Is there a way to salvage this -- to restore the intuition that in fact you should have a reasonable work-life balance? I think the answer is yes! That's because you're probably very uncertain about what world you live in: you don't have a great idea about what the shape of f is, nor what quantile world you're in (i.e. what x-value your world corresponds to). You should probably assign a decent chance to being in an above-average world in terms of impact potential, and a decent chance to being in a below-average world in terms of impact potential.[1]
Faced with this uncertainty, what do you do? If I understand the spirit of geometric rationality correctly, an important lesson is that you can do a Nash bargain not just between you-in-possible-worlds, but between different possibilities with respect to your epistemic state. For example, if you think there's a 90% chance that the Riemann hypothesis is true, you can bargain between you-if-the-Riemann-hypothesis-is-true and you-if-the-Riemann-hypothesis-is-false, even if there's an objective fact of the matter to which one is the actual you.
You can try to build this uncertainty into the model, but I think this would be really hard.[2] On the other hand, here's a basic fact about Nash bargaining: suppose there are two options, A and B, and you assign x credence that A has utility a and B has utility 0, and 1−x credence that A has utility 0 and B has utility b, then the Nash bargain between these two epistemic states says to do A with probability x and B with probability 1−x.
And if you squint, this is sort of like what we have going on. Suppose you think that you're either in a substantially above-average world for impact potential (with probability x), or a substantially below-average one (with probability 1−x).
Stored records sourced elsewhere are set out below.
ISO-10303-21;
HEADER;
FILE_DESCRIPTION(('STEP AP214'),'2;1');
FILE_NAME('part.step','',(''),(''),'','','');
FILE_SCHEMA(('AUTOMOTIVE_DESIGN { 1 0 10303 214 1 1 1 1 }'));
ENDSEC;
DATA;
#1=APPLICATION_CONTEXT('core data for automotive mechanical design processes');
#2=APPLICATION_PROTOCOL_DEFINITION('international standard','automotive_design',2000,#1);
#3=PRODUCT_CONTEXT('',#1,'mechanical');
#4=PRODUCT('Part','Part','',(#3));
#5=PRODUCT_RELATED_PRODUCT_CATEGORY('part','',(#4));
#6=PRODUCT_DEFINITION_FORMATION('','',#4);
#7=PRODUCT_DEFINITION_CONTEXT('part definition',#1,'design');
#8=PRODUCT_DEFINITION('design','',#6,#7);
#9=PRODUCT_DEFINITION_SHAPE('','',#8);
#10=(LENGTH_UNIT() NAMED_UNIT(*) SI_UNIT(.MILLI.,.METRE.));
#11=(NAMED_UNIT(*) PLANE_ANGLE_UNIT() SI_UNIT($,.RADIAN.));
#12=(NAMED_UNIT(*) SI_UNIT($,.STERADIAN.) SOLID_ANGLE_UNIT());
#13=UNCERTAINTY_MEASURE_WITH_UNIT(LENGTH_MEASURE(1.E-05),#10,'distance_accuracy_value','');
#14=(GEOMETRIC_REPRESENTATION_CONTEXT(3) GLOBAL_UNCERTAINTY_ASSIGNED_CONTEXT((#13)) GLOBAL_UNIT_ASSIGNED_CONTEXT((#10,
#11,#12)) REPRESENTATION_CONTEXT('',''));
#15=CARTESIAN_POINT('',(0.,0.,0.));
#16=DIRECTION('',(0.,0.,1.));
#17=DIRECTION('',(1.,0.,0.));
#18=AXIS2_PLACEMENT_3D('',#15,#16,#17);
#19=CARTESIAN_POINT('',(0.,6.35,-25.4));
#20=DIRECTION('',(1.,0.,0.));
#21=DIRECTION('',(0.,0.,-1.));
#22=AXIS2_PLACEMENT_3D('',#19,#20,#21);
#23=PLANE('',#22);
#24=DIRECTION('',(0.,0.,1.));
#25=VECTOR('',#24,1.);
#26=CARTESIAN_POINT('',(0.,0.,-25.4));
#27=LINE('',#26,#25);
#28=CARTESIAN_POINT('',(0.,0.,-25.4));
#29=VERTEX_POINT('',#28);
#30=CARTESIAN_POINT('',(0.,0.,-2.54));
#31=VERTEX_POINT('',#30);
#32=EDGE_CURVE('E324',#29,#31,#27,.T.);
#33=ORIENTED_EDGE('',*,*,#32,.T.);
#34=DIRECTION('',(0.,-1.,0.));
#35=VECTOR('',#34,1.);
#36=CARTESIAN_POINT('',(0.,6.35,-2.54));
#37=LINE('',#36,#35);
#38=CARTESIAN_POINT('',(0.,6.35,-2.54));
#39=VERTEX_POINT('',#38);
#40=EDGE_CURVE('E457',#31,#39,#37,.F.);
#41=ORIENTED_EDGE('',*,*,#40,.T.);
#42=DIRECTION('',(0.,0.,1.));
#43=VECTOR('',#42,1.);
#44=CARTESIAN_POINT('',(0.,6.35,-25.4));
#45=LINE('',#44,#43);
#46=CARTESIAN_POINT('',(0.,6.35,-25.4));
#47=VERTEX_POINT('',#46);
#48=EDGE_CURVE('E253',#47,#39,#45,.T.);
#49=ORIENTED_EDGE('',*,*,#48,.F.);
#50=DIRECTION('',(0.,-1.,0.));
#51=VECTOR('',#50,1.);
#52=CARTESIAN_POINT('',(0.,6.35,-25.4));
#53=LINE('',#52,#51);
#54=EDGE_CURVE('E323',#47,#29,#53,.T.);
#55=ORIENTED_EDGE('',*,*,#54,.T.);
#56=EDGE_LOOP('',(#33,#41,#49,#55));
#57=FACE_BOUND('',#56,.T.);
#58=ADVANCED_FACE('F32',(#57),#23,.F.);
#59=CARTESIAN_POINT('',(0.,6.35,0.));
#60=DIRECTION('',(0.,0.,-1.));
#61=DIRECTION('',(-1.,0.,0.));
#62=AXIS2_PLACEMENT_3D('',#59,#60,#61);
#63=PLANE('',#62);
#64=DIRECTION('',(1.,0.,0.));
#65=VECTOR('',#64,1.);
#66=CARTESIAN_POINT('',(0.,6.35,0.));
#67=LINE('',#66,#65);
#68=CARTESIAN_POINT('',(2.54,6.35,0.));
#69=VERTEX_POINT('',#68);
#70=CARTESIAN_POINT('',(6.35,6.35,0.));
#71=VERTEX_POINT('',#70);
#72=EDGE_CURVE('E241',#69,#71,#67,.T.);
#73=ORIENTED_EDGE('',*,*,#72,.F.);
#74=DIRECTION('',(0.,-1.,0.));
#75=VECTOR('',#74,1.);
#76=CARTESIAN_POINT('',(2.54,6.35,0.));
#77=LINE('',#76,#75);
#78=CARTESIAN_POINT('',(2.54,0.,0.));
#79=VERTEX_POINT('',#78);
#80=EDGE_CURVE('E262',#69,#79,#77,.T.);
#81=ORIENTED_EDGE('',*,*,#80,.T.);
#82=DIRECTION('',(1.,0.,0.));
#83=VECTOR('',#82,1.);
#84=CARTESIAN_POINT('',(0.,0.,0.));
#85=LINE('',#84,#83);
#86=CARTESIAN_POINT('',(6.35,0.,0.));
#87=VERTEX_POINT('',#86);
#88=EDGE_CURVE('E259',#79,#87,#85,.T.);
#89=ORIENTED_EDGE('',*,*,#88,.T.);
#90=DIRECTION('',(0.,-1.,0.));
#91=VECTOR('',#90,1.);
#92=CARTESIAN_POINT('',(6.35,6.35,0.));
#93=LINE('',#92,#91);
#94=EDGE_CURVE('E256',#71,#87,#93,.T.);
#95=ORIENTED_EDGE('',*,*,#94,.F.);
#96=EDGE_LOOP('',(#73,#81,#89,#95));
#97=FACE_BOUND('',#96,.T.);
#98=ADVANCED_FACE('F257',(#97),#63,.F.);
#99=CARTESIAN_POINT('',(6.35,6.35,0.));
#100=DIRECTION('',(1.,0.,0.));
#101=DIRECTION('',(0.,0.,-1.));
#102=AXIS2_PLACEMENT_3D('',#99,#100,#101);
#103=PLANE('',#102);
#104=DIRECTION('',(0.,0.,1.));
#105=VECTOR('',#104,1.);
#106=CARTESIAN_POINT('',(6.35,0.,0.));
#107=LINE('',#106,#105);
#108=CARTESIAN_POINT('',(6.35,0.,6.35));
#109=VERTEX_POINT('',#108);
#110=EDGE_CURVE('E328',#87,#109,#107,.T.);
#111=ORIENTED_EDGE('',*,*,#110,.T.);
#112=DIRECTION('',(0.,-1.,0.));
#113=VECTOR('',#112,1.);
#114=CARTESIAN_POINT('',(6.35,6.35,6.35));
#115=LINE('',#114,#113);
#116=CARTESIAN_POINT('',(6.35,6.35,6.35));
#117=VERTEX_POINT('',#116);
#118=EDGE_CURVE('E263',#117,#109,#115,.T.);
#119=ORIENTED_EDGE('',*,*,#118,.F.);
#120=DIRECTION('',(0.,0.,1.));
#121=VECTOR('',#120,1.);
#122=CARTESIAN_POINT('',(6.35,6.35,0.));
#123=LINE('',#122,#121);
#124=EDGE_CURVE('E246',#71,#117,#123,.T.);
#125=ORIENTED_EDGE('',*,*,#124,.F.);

In the first epistemic state, "spend almost all your time altruistically" (option A) is much better than "spend all your time on video games" (option B); the the second case, option B is much better than option A. And so -- if I'm not losing too much accuracy with my hand-wavy comparisons -- the Nash bargain between these two epistemic states would have you spend x fraction of your time on video games.
So suppose you think there's a 25% chance you live in a substantially below-average world in terms of impact potential, a 70% chance you live in a substantially above-average world, and a 5% chance of a close-to-average world -- well then, perhaps you should spend about 70% of your time working to improve the world!
...well, if you buy the basic model, and if you buy the hand-waving about Nash bargaining over epistemic states that I just did (which I'm not sure I buy)
...but, putting all these caveats to the side, I find this conclusion pretty satisfying.
That last bit -- that maybe you're in a below average impact world -- is perhaps contrarian, but I stand by it. You may well think that you are in the top one-billionth of possible worlds in terms of impact potential. But it could be that among those worlds that are even higher than this one in terms of your impact potential, 1% of them have 1010100 times more potential beings than ours, and that this completely dominates the average.
You'd need to have the domain of optimization be the set of your epistemic states instead of the set of world states. But your "epistemic state" includes way more than just a guess about what f looks like across worlds (or even a probability distribution over what f looks like across worlds). You need to include -- in each individual epistemic state -- your guesses about (what your probability distribution over what f looks like across worlds) looks like in all the other possible epistemic states. And you'll need to include your guesses about what those look like in all the other possible epistemic states. And so on. There are probably nice simplifying assumptions you could make to make this optimization problem tractable; I haven't thought much about this.